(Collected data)
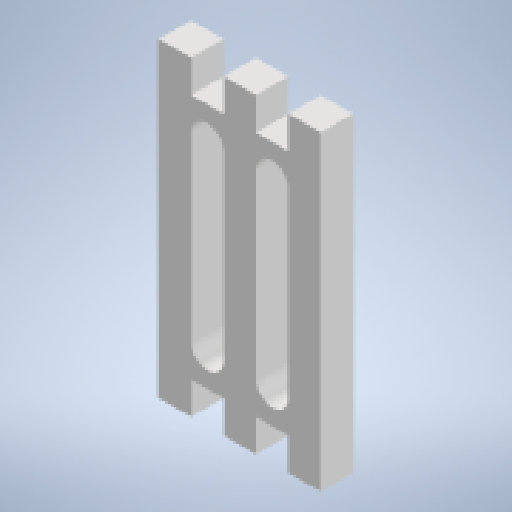
# Autodesk Inventor part: KneeFrontL
Saved by Autodesk Inventor 2025.2 (Build 292293000, 293)
## iProperties
Created: 2025-06-23
Part Number: KneeFrontL
Material: Generic
Document SubType Name: Modeling
Designer: ricoa
Density: 1 g/cm^3
Appearance: Default
Author: ricoa
Autodesk Inventor part; units mm, degrees
ref_plane "YZ Plane" through (0, 0, 0) normal (1, 0, 0) x (0, 1, 0)
ref_plane "XZ Plane" through (0, 0, 0) normal (0, 1, 0) x (-1, 0, 0)
ref_plane "XY Plane" through (0, 0, 0) normal (0, 0, 1) x (1, 0, 0)
sketch "Sketch1" plane through (0, 0, 0) normal (0, 0, 1) x (1, 0, 0)
  line L0 (-10, 0) -> (-5, 0) projected
  line L1 (-5, 0) -> (-5, 5) projected
  line L2 (0, 0) -> (5, 0) projected
  line L3 (10, 0) -> (15, 0) projected
  line L4 (15, 0) -> (15, 5) projected
  line L5 (-10, 48) -> (-5, 48) projected
  line L6 (0, 48) -> (5, 48) projected
  line L7 (10, 48) -> (15, 48) projected
  line L8 (-10, 0) -> (-10, 48)
  line L9 (10, 0) -> (10, 5)
  line L10 (10, 5) -> (5, 5)
  line L11 (5, 5) -> (5, 0)
  line L12 (0, 0) -> (0, 5)
  line L13 (0, 5) -> (-5, 5)
  line L14 (-5, 48) -> (-5, 43)
  line L15 (-5, 43) -> (0, 43)
  line L16 (0, 43) -> (0, 48)
  line L17 (5, 48) -> (5, 43)
  line L18 (5, 43) -> (10, 43)
  line L19 (10, 48) -> (10, 43)
  line L20 (15, 5) -> (20, 5)
  line L21 (20, 5) -> (20, 43)
  line L22 (15, 48) -> (15, 43)
  line L23 (15, 5) -> (15, 0)
  line L24 (18.75, 43) -> (18.75, 48) projected
  line L25 (18.75, 5) -> (18.75, 43)
  line L26 (15, 5) -> (15, 43)
  dimension "d0" = 5
  dimension "d1" = 5
  dimension "d4" = 5
  constraints: 36 end point, 7 point on line, 6 perpendicular, 1 collinear, 1 horizontal, 1 parallel, 1 vertical
  measures "d0" distance of L3.start L9.end
  measures "d1" distance of L5.end L14.end
  measures "d4" distance of L4.end L20.end
extrude "Extrusion1" add sketch "Sketch1" along normal blind 5
sketch "Sketch2" plane through (0, 0, 5) normal (0, 0, 1) x (1, 0, 0)
  line L0 (-5, 5) -> (0, 5) projected
  line L1 (-2.5, 5) -> (-2.5, 10)
  line L2 (0, 43) -> (-5, 43) projected
  line L3 (-2.5, 43) -> (-2.5, 38)
  line L4 (-2.5, 10) -> (-2.5, 38) construction
  line L5 (0, 10) -> (0, 38)
  line L6 (-5, 38) -> (-5, 10)
  arc A0 (-5, 10) -> (0, 10) centre (-2.5, 10) ccw
  arc A1 (0, 38) -> (-5, 38) centre (-2.5, 38) ccw
  line L7 (7.5, 10) -> (7.5, 38) construction
  line L8 (10, 10) -> (10, 38)
  line L9 (5, 38) -> (5, 10)
  arc A2 (5, 10) -> (10, 10) centre (7.5, 10) ccw
  arc A3 (10, 38) -> (5, 38) centre (7.5, 38) ccw
  point P0 (0, 0)
  point P1 (-2.5, 24)
  point P2 (7.5, 24)
  dimension "d5" = 5
  dimension "d6" = 5
  dimension "d7" = 5
  constraints: 20 end point, 8 point on circle, 8 tangent, 4 centre point, 4 midpoint, 3 parallel, 2 vertical, 1 collinear
  measures "d5" distance of L1.start L1.end
  measures "d6" distance of L3.start L3.end
  measures "d7" diameter of A3
extrude "Extrusion2" cut sketch "Sketch2" against normal blind 5
body "Solid1"
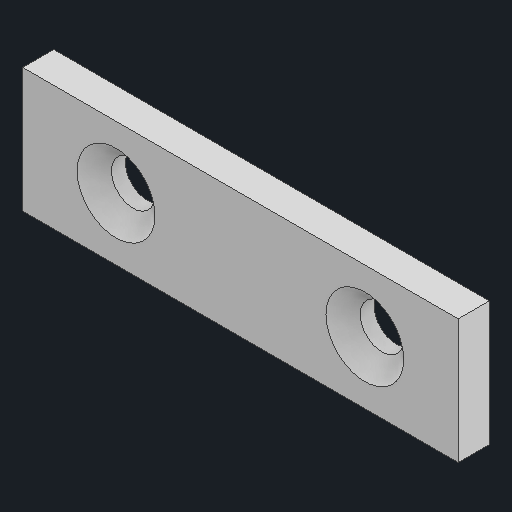
# Autodesk Inventor part: P4-03 Pad carrier
Saved by Autodesk Inventor 2027.1 (Build 311270010, 270A)
## iProperties
Created: 2026-10-21
Part Number: P4-03 Pad carrier
Material: Generic
Document SubType Name: Modeling
Designer: anshi
Mass: 0.409939 g
Surface Area: 5.94369 cm^2
Volume: 0.409939 cm^3
Density: 1 g/cm^3
Appearance: Default
Author: anshi
Autodesk Inventor part; units mm, degrees
ref_plane "Work Plane1" through (0, 0, 2) normal (0, 0, 1) x (1, 0, 0)
sketch "Dimensioned base profile" plane through (0, 0, 0) normal (0, 0, 1) x (1, 0, 0)
  line L0 (0, 0) -> (28, 0)
  line L1 (28, 0) -> (28, 8)
  line L2 (28, 8) -> (0, 8)
  line L3 (0, 8) -> (0, 0)
  constraints: 8 end point
extrude "Thickness 2 mm" add sketch "Dimensioned base profile" along normal blind 2
ref_plane "Work Plane2" through (0, 0, 2) normal (0, 0, 1) x (1, 0, 0)
sketch "Through-hole circles" plane through (0, 0, 2) normal (0, 0, 1) x (1, 0, 0)
  circle A0 centre (6, 4) radius 1.4
  circle A1 centre (22, 4) radius 1.4
  constraints: 2 centre point
extrude "Through holes" cut sketch "Through-hole circles" against normal blind 2
ref_plane "Work Plane3" through (0, 0, 2) normal (0, 0, 1) x (1, 0, 0)
sketch "CSK top 1" plane through (0, 0, 2) normal (0, 0, 1) x (1, 0, 0)
  circle A0 centre (6, 4) radius 2.5
  constraints: 1 centre point
ref_plane "Work Plane4" through (0, 0, 0.9) normal (0, 0, 1) x (1, 0, 0)
sketch "CSK neck 1" plane through (0, 0, 0.9) normal (0, 0, 1) x (1, 0, 0)
  circle A0 centre (6, 4) radius 1.4
  constraints: 1 centre point
loft "90deg countersink 1" cut profiles "CSK top 1", "CSK neck 1"
ref_plane "Work Plane5" through (0, 0, 2) normal (0, 0, 1) x (1, 0, 0)
sketch "CSK top 2" plane through (0, 0, 2) normal (0, 0, 1) x (1, 0, 0)
  circle A0 centre (22, 4) radius 2.5
  constraints: 1 centre point
ref_plane "Work Plane6" through (0, 0, 0.9) normal (0, 0, 1) x (1, 0, 0)
sketch "CSK neck 2" plane through (0, 0, 0.9) normal (0, 0, 1) x (1, 0, 0)
  circle A0 centre (22, 4) radius 1.4
  constraints: 1 centre point
loft "90deg countersink 2" cut profiles "CSK top 2", "CSK neck 2"
equation "\"NominalThickness\" = 2"
body "Solid2"

▸ YOUR OBJECTIVE:
Reproduce the lines above exactly, please, but not the pictures in them.

▸ SOLUTION FOR THIS PROBLEM:
# Autodesk Inventor part: KneeFrontL
Saved by Autodesk Inventor 2025.2 (Build 292293000, 293)
## iProperties
Created: 2025-06-23
Part Number: KneeFrontL
Material: Generic
Document SubType Name: Modeling
Designer: ricoa
Density: 1 g/cm^3
Appearance: Default
Author: ricoa
Autodesk Inventor part; units mm, degrees
ref_plane "YZ Plane" through (0, 0, 0) normal (1, 0, 0) x (0, 1, 0)
ref_plane "XZ Plane" through (0, 0, 0) normal (0, 1, 0) x (-1, 0, 0)
ref_plane "XY Plane" through (0, 0, 0) normal (0, 0, 1) x (1, 0, 0)
sketch "Sketch1" plane through (0, 0, 0) normal (0, 0, 1) x (1, 0, 0)
  line L0 (-10, 0) -> (-5, 0) projected
  line L1 (-5, 0) -> (-5, 5) projected
  line L2 (0, 0) -> (5, 0) projected
  line L3 (10, 0) -> (15, 0) projected
  line L4 (15, 0) -> (15, 5) projected
  line L5 (-10, 48) -> (-5, 48) projected
  line L6 (0, 48) -> (5, 48) projected
  line L7 (10, 48) -> (15, 48) projected
  line L8 (-10, 0) -> (-10, 48)
  line L9 (10, 0) -> (10, 5)
  line L10 (10, 5) -> (5, 5)
  line L11 (5, 5) -> (5, 0)
  line L12 (0, 0) -> (0, 5)
  line L13 (0, 5) -> (-5, 5)
  line L14 (-5, 48) -> (-5, 43)
  line L15 (-5, 43) -> (0, 43)
  line L16 (0, 43) -> (0, 48)
  line L17 (5, 48) -> (5, 43)
  line L18 (5, 43) -> (10, 43)
  line L19 (10, 48) -> (10, 43)
  line L20 (15, 5) -> (20, 5)
  line L21 (20, 5) -> (20, 43)
  line L22 (15, 48) -> (15, 43)
  line L23 (15, 5) -> (15, 0)
  line L24 (18.75, 43) -> (18.75, 48) projected
  line L25 (18.75, 5) -> (18.75, 43)
  line L26 (15, 5) -> (15, 43)
  dimension "d0" = 5
  dimension "d1" = 5
  dimension "d4" = 5
  constraints: 36 end point, 7 point on line, 6 perpendicular, 1 collinear, 1 horizontal, 1 parallel, 1 vertical
  measures "d0" distance of L3.start L9.end
  measures "d1" distance of L5.end L14.end
  measures "d4" distance of L4.end L20.end
extrude "Extrusion1" add sketch "Sketch1" along normal blind 5
sketch "Sketch2" plane through (0, 0, 5) normal (0, 0, 1) x (1, 0, 0)
  line L0 (-5, 5) -> (0, 5) projected
  line L1 (-2.5, 5) -> (-2.5, 10)
  line L2 (0, 43) -> (-5, 43) projected
  line L3 (-2.5, 43) -> (-2.5, 38)
  line L4 (-2.5, 10) -> (-2.5, 38) construction
  line L5 (0, 10) -> (0, 38)
  line L6 (-5, 38) -> (-5, 10)
  arc A0 (-5, 10) -> (0, 10) centre (-2.5, 10) ccw
  arc A1 (0, 38) -> (-5, 38) centre (-2.5, 38) ccw
  line L7 (7.5, 10) -> (7.5, 38) construction
  line L8 (10, 10) -> (10, 38)
  line L9 (5, 38) -> (5, 10)
  arc A2 (5, 10) -> (10, 10) centre (7.5, 10) ccw
  arc A3 (10, 38) -> (5, 38) centre (7.5, 38) ccw
  point P0 (0, 0)
  point P1 (-2.5, 24)
  point P2 (7.5, 24)
  dimension "d5" = 5
  dimension "d6" = 5
  dimension "d7" = 5
  constraints: 20 end point, 8 point on circle, 8 tangent, 4 centre point, 4 midpoint, 3 parallel, 2 vertical, 1 collinear
  measures "d5" distance of L1.start L1.end
  measures "d6" distance of L3.start L3.end
  measures "d7" diameter of A3
extrude "Extrusion2" cut sketch "Sketch2" against normal blind 5
body "Solid1"
# Autodesk Inventor part: P4-03 Pad carrier
Saved by Autodesk Inventor 2027.1 (Build 311270010, 270A)
## iProperties
Created: 2026-10-21
Part Number: P4-03 Pad carrier
Material: Generic
Document SubType Name: Modeling
Designer: anshi
Mass: 0.409939 g
Surface Area: 5.94369 cm^2
Volume: 0.409939 cm^3
Density: 1 g/cm^3
Appearance: Default
Author: anshi
Autodesk Inventor part; units mm, degrees
ref_plane "Work Plane1" through (0, 0, 2) normal (0, 0, 1) x (1, 0, 0)
sketch "Dimensioned base profile" plane through (0, 0, 0) normal (0, 0, 1) x (1, 0, 0)
  line L0 (0, 0) -> (28, 0)
  line L1 (28, 0) -> (28, 8)
  line L2 (28, 8) -> (0, 8)
  line L3 (0, 8) -> (0, 0)
  constraints: 8 end point
extrude "Thickness 2 mm" add sketch "Dimensioned base profile" along normal blind 2
ref_plane "Work Plane2" through (0, 0, 2) normal (0, 0, 1) x (1, 0, 0)
sketch "Through-hole circles" plane through (0, 0, 2) normal (0, 0, 1) x (1, 0, 0)
  circle A0 centre (6, 4) radius 1.4
  circle A1 centre (22, 4) radius 1.4
  constraints: 2 centre point
extrude "Through holes" cut sketch "Through-hole circles" against normal blind 2
ref_plane "Work Plane3" through (0, 0, 2) normal (0, 0, 1) x (1, 0, 0)
sketch "CSK top 1" plane through (0, 0, 2) normal (0, 0, 1) x (1, 0, 0)
  circle A0 centre (6, 4) radius 2.5
  constraints: 1 centre point
ref_plane "Work Plane4" through (0, 0, 0.9) normal (0, 0, 1) x (1, 0, 0)
sketch "CSK neck 1" plane through (0, 0, 0.9) normal (0, 0, 1) x (1, 0, 0)
  circle A0 centre (6, 4) radius 1.4
  constraints: 1 centre point
loft "90deg countersink 1" cut profiles "CSK top 1", "CSK neck 1"
ref_plane "Work Plane5" through (0, 0, 2) normal (0, 0, 1) x (1, 0, 0)
sketch "CSK top 2" plane through (0, 0, 2) normal (0, 0, 1) x (1, 0, 0)
  circle A0 centre (22, 4) radius 2.5
  constraints: 1 centre point
ref_plane "Work Plane6" through (0, 0, 0.9) normal (0, 0, 1) x (1, 0, 0)
sketch "CSK neck 2" plane through (0, 0, 0.9) normal (0, 0, 1) x (1, 0, 0)
  circle A0 centre (22, 4) radius 1.4
  constraints: 1 centre point
loft "90deg countersink 2" cut profiles "CSK top 2", "CSK neck 2"
equation "\"NominalThickness\" = 2"
body "Solid2"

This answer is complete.